Data Block Start

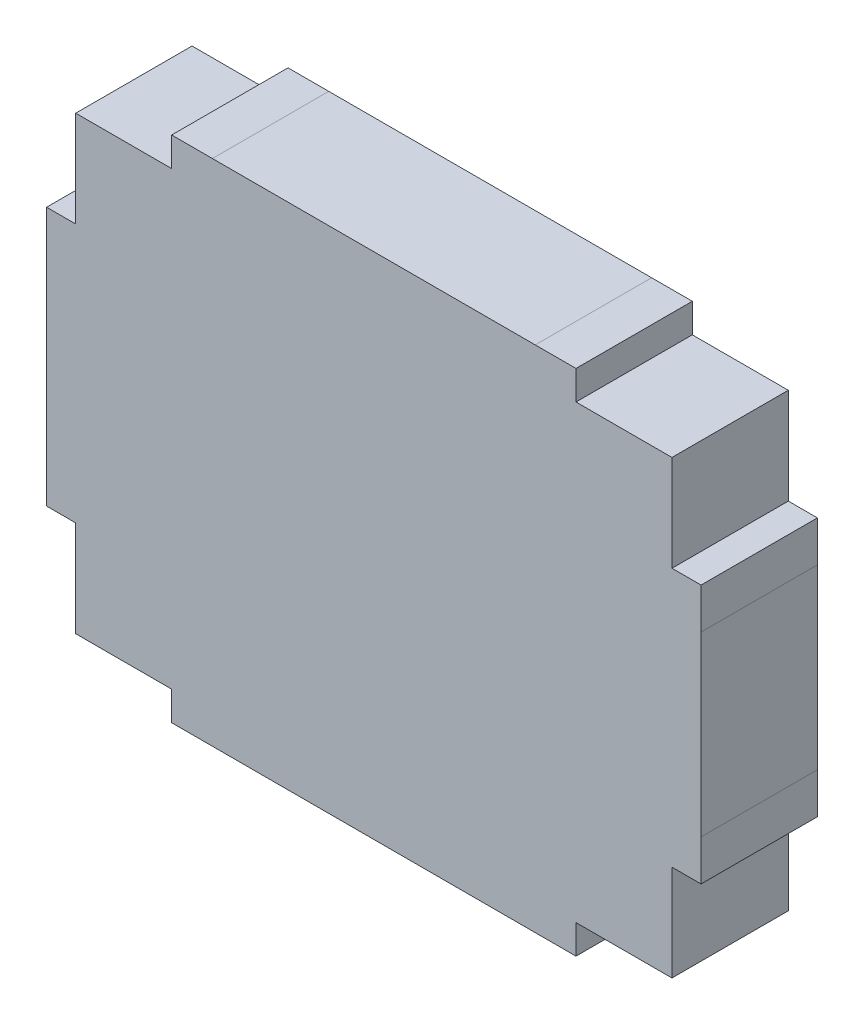
ISO-10303-21;
HEADER;
FILE_DESCRIPTION(('STEP AP214'),'2;1');
FILE_NAME('part.step','',(''),(''),'','','');
FILE_SCHEMA(('AUTOMOTIVE_DESIGN { 1 0 10303 214 1 1 1 1 }'));
ENDSEC;
DATA;
#1=APPLICATION_CONTEXT('core data for automotive mechanical design processes');
#2=APPLICATION_PROTOCOL_DEFINITION('international standard','automotive_design',2000,#1);
#3=PRODUCT_CONTEXT('',#1,'mechanical');
#4=PRODUCT('Part','Part','',(#3));
#5=PRODUCT_RELATED_PRODUCT_CATEGORY('part','',(#4));
#6=PRODUCT_DEFINITION_FORMATION('','',#4);
#7=PRODUCT_DEFINITION_CONTEXT('part definition',#1,'design');
#8=PRODUCT_DEFINITION('design','',#6,#7);
#9=PRODUCT_DEFINITION_SHAPE('','',#8);
#10=(LENGTH_UNIT() NAMED_UNIT(*) SI_UNIT(.MILLI.,.METRE.));
#11=(NAMED_UNIT(*) PLANE_ANGLE_UNIT() SI_UNIT($,.RADIAN.));
#12=(NAMED_UNIT(*) SI_UNIT($,.STERADIAN.) SOLID_ANGLE_UNIT());
#13=UNCERTAINTY_MEASURE_WITH_UNIT(LENGTH_MEASURE(1.E-05),#10,'distance_accuracy_value','');
#14=(GEOMETRIC_REPRESENTATION_CONTEXT(3) GLOBAL_UNCERTAINTY_ASSIGNED_CONTEXT((#13)) GLOBAL_UNIT_ASSIGNED_CONTEXT((#10,
#11,#12)) REPRESENTATION_CONTEXT('',''));
#15=CARTESIAN_POINT('',(0.,0.,0.));
#16=DIRECTION('',(0.,0.,1.));
#17=DIRECTION('',(1.,0.,0.));
#18=AXIS2_PLACEMENT_3D('',#15,#16,#17);
#19=CARTESIAN_POINT('',(0.,0.,0.8));
#20=DIRECTION('',(0.,0.,1.));
#21=DIRECTION('',(1.,0.,0.));
#22=AXIS2_PLACEMENT_3D('',#19,#20,#21);
#23=PLANE('',#22);
#24=DIRECTION('',(1.,0.,0.));
#25=VECTOR('',#24,1.);
#26=CARTESIAN_POINT('',(-1.39,-1.75,0.8));
#27=LINE('',#26,#25);
#28=CARTESIAN_POINT('',(-1.39,-1.75,0.8));
#29=VERTEX_POINT('',#28);
#30=CARTESIAN_POINT('',(-1.11,-1.75,0.8));
#31=VERTEX_POINT('',#30);
#32=EDGE_CURVE('E355',#29,#31,#27,.T.);
#33=ORIENTED_EDGE('',*,*,#32,.T.);
#34=DIRECTION('',(1.,0.,0.));
#35=VECTOR('',#34,1.);
#36=CARTESIAN_POINT('',(-1.11,-1.75,0.8));
#37=LINE('',#36,#35);
#38=CARTESIAN_POINT('',(1.11,-1.75,0.8));
#39=VERTEX_POINT('',#38);
#40=EDGE_CURVE('E11',#31,#39,#37,.T.);
#41=ORIENTED_EDGE('',*,*,#40,.T.);
#42=DIRECTION('',(1.,0.,0.));
#43=VECTOR('',#42,1.);
#44=CARTESIAN_POINT('',(1.11,-1.75,0.8));
#45=LINE('',#44,#43);
#46=CARTESIAN_POINT('',(1.39,-1.75,0.8));
#47=VERTEX_POINT('',#46);
#48=EDGE_CURVE('E364',#39,#47,#45,.T.);
#49=ORIENTED_EDGE('',*,*,#48,.T.);
#50=DIRECTION('',(0.,1.,0.));
#51=VECTOR('',#50,1.);
#52=CARTESIAN_POINT('',(1.39,-1.75,0.8));
#53=LINE('',#52,#51);
#54=CARTESIAN_POINT('',(1.39,-1.55,0.8));
#55=VERTEX_POINT('',#54);
#56=EDGE_CURVE('E373',#47,#55,#53,.T.);
#57=ORIENTED_EDGE('',*,*,#56,.T.);
#58=DIRECTION('',(1.,0.,0.));
#59=VECTOR('',#58,1.);
#60=CARTESIAN_POINT('',(1.39,-1.55,0.8));
#61=LINE('',#60,#59);
#62=CARTESIAN_POINT('',(2.05,-1.55,0.8));
#63=VERTEX_POINT('',#62);
#64=EDGE_CURVE('E487',#55,#63,#61,.T.);
#65=ORIENTED_EDGE('',*,*,#64,.T.);
#66=DIRECTION('',(0.,1.,0.));
#67=VECTOR('',#66,1.);
#68=CARTESIAN_POINT('',(2.05,-1.55,0.8));
#69=LINE('',#68,#67);
#70=CARTESIAN_POINT('',(2.05,-0.89,0.8));
#71=VERTEX_POINT('',#70);
#72=EDGE_CURVE('E424',#63,#71,#69,.T.);
#73=ORIENTED_EDGE('',*,*,#72,.T.);
#74=DIRECTION('',(1.,0.,0.));
#75=VECTOR('',#74,1.);
#76=CARTESIAN_POINT('',(2.05,-0.89,0.8));
#77=LINE('',#76,#75);
#78=CARTESIAN_POINT('',(2.25,-0.89,0.8));
#79=VERTEX_POINT('',#78);
#80=EDGE_CURVE('E385',#71,#79,#77,.T.);
#81=ORIENTED_EDGE('',*,*,#80,.T.);
#82=DIRECTION('',(0.,1.,0.));
#83=VECTOR('',#82,1.);
#84=CARTESIAN_POINT('',(2.25,-0.89,0.8));
#85=LINE('',#84,#83);
#86=CARTESIAN_POINT('',(2.25,-0.61,0.8));
#87=VERTEX_POINT('',#86);
#88=EDGE_CURVE('E405',#79,#87,#85,.T.);
#89=ORIENTED_EDGE('',*,*,#88,.T.);
#90=DIRECTION('',(0.,1.,0.));
#91=VECTOR('',#90,1.);
#92=CARTESIAN_POINT('',(2.25,-0.61,0.8));
#93=LINE('',#92,#91);
#94=CARTESIAN_POINT('',(2.25,0.61,0.8));
#95=VERTEX_POINT('',#94);
#96=EDGE_CURVE('E415',#87,#95,#93,.T.);
#97=ORIENTED_EDGE('',*,*,#96,.T.);
#98=DIRECTION('',(0.,1.,0.));
#99=VECTOR('',#98,1.);
#100=CARTESIAN_POINT('',(2.25,0.61,0.8));
#101=LINE('',#100,#99);
#102=CARTESIAN_POINT('',(2.25,0.89,0.8));
#103=VERTEX_POINT('',#102);
#104=EDGE_CURVE('E437',#95,#103,#101,.T.);
#105=ORIENTED_EDGE('',*,*,#104,.T.);
#106=DIRECTION('',(-1.,0.,0.));
#107=VECTOR('',#106,1.);
#108=CARTESIAN_POINT('',(2.25,0.89,0.8));
#109=LINE('',#108,#107);
#110=CARTESIAN_POINT('',(2.05,0.89,0.8));
#111=VERTEX_POINT('',#110);
#112=EDGE_CURVE('E464',#103,#111,#109,.T.);
#113=ORIENTED_EDGE('',*,*,#112,.T.);
#114=DIRECTION('',(0.,1.,0.));
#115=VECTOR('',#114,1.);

Data Block End

§ **Your instructions**
When you copy the entries above, reproduce each line exactly and leave out any pictures.

§ **Exercise solution**
ISO-10303-21;
HEADER;
FILE_DESCRIPTION(('STEP AP214'),'2;1');
FILE_NAME('part.step','',(''),(''),'','','');
FILE_SCHEMA(('AUTOMOTIVE_DESIGN { 1 0 10303 214 1 1 1 1 }'));
ENDSEC;
DATA;
#1=APPLICATION_CONTEXT('core data for automotive mechanical design processes');
#2=APPLICATION_PROTOCOL_DEFINITION('international standard','automotive_design',2000,#1);
#3=PRODUCT_CONTEXT('',#1,'mechanical');
#4=PRODUCT('Part','Part','',(#3));
#5=PRODUCT_RELATED_PRODUCT_CATEGORY('part','',(#4));
#6=PRODUCT_DEFINITION_FORMATION('','',#4);
#7=PRODUCT_DEFINITION_CONTEXT('part definition',#1,'design');
#8=PRODUCT_DEFINITION('design','',#6,#7);
#9=PRODUCT_DEFINITION_SHAPE('','',#8);
#10=(LENGTH_UNIT() NAMED_UNIT(*) SI_UNIT(.MILLI.,.METRE.));
#11=(NAMED_UNIT(*) PLANE_ANGLE_UNIT() SI_UNIT($,.RADIAN.));
#12=(NAMED_UNIT(*) SI_UNIT($,.STERADIAN.) SOLID_ANGLE_UNIT());
#13=UNCERTAINTY_MEASURE_WITH_UNIT(LENGTH_MEASURE(1.E-05),#10,'distance_accuracy_value','');
#14=(GEOMETRIC_REPRESENTATION_CONTEXT(3) GLOBAL_UNCERTAINTY_ASSIGNED_CONTEXT((#13)) GLOBAL_UNIT_ASSIGNED_CONTEXT((#10,
#11,#12)) REPRESENTATION_CONTEXT('',''));
#15=CARTESIAN_POINT('',(0.,0.,0.));
#16=DIRECTION('',(0.,0.,1.));
#17=DIRECTION('',(1.,0.,0.));
#18=AXIS2_PLACEMENT_3D('',#15,#16,#17);
#19=CARTESIAN_POINT('',(0.,0.,0.8));
#20=DIRECTION('',(0.,0.,1.));
#21=DIRECTION('',(1.,0.,0.));
#22=AXIS2_PLACEMENT_3D('',#19,#20,#21);
#23=PLANE('',#22);
#24=DIRECTION('',(1.,0.,0.));
#25=VECTOR('',#24,1.);
#26=CARTESIAN_POINT('',(-1.39,-1.75,0.8));
#27=LINE('',#26,#25);
#28=CARTESIAN_POINT('',(-1.39,-1.75,0.8));
#29=VERTEX_POINT('',#28);
#30=CARTESIAN_POINT('',(-1.11,-1.75,0.8));
#31=VERTEX_POINT('',#30);
#32=EDGE_CURVE('E355',#29,#31,#27,.T.);
#33=ORIENTED_EDGE('',*,*,#32,.T.);
#34=DIRECTION('',(1.,0.,0.));
#35=VECTOR('',#34,1.);
#36=CARTESIAN_POINT('',(-1.11,-1.75,0.8));
#37=LINE('',#36,#35);
#38=CARTESIAN_POINT('',(1.11,-1.75,0.8));
#39=VERTEX_POINT('',#38);
#40=EDGE_CURVE('E11',#31,#39,#37,.T.);
#41=ORIENTED_EDGE('',*,*,#40,.T.);
#42=DIRECTION('',(1.,0.,0.));
#43=VECTOR('',#42,1.);
#44=CARTESIAN_POINT('',(1.11,-1.75,0.8));
#45=LINE('',#44,#43);
#46=CARTESIAN_POINT('',(1.39,-1.75,0.8));
#47=VERTEX_POINT('',#46);
#48=EDGE_CURVE('E364',#39,#47,#45,.T.);
#49=ORIENTED_EDGE('',*,*,#48,.T.);
#50=DIRECTION('',(0.,1.,0.));
#51=VECTOR('',#50,1.);
#52=CARTESIAN_POINT('',(1.39,-1.75,0.8));
#53=LINE('',#52,#51);
#54=CARTESIAN_POINT('',(1.39,-1.55,0.8));
#55=VERTEX_POINT('',#54);
#56=EDGE_CURVE('E373',#47,#55,#53,.T.);
#57=ORIENTED_EDGE('',*,*,#56,.T.);
#58=DIRECTION('',(1.,0.,0.));
#59=VECTOR('',#58,1.);
#60=CARTESIAN_POINT('',(1.39,-1.55,0.8));
#61=LINE('',#60,#59);
#62=CARTESIAN_POINT('',(2.05,-1.55,0.8));
#63=VERTEX_POINT('',#62);
#64=EDGE_CURVE('E487',#55,#63,#61,.T.);
#65=ORIENTED_EDGE('',*,*,#64,.T.);
#66=DIRECTION('',(0.,1.,0.));
#67=VECTOR('',#66,1.);
#68=CARTESIAN_POINT('',(2.05,-1.55,0.8));
#69=LINE('',#68,#67);
#70=CARTESIAN_POINT('',(2.05,-0.89,0.8));
#71=VERTEX_POINT('',#70);
#72=EDGE_CURVE('E424',#63,#71,#69,.T.);
#73=ORIENTED_EDGE('',*,*,#72,.T.);
#74=DIRECTION('',(1.,0.,0.));
#75=VECTOR('',#74,1.);
#76=CARTESIAN_POINT('',(2.05,-0.89,0.8));
#77=LINE('',#76,#75);
#78=CARTESIAN_POINT('',(2.25,-0.89,0.8));
#79=VERTEX_POINT('',#78);
#80=EDGE_CURVE('E385',#71,#79,#77,.T.);
#81=ORIENTED_EDGE('',*,*,#80,.T.);
#82=DIRECTION('',(0.,1.,0.));
#83=VECTOR('',#82,1.);
#84=CARTESIAN_POINT('',(2.25,-0.89,0.8));
#85=LINE('',#84,#83);
#86=CARTESIAN_POINT('',(2.25,-0.61,0.8));
#87=VERTEX_POINT('',#86);
#88=EDGE_CURVE('E405',#79,#87,#85,.T.);
#89=ORIENTED_EDGE('',*,*,#88,.T.);
#90=DIRECTION('',(0.,1.,0.));
#91=VECTOR('',#90,1.);
#92=CARTESIAN_POINT('',(2.25,-0.61,0.8));
#93=LINE('',#92,#91);
#94=CARTESIAN_POINT('',(2.25,0.61,0.8));
#95=VERTEX_POINT('',#94);
#96=EDGE_CURVE('E415',#87,#95,#93,.T.);
#97=ORIENTED_EDGE('',*,*,#96,.T.);
#98=DIRECTION('',(0.,1.,0.));
#99=VECTOR('',#98,1.);
#100=CARTESIAN_POINT('',(2.25,0.61,0.8));
#101=LINE('',#100,#99);
#102=CARTESIAN_POINT('',(2.25,0.89,0.8));
#103=VERTEX_POINT('',#102);
#104=EDGE_CURVE('E437',#95,#103,#101,.T.);
#105=ORIENTED_EDGE('',*,*,#104,.T.);
#106=DIRECTION('',(-1.,0.,0.));
#107=VECTOR('',#106,1.);
#108=CARTESIAN_POINT('',(2.25,0.89,0.8));
#109=LINE('',#108,#107);
#110=CARTESIAN_POINT('',(2.05,0.89,0.8));
#111=VERTEX_POINT('',#110);
#112=EDGE_CURVE('E464',#103,#111,#109,.T.);
#113=ORIENTED_EDGE('',*,*,#112,.T.);
#114=DIRECTION('',(0.,1.,0.));
#115=VECTOR('',#114,1.);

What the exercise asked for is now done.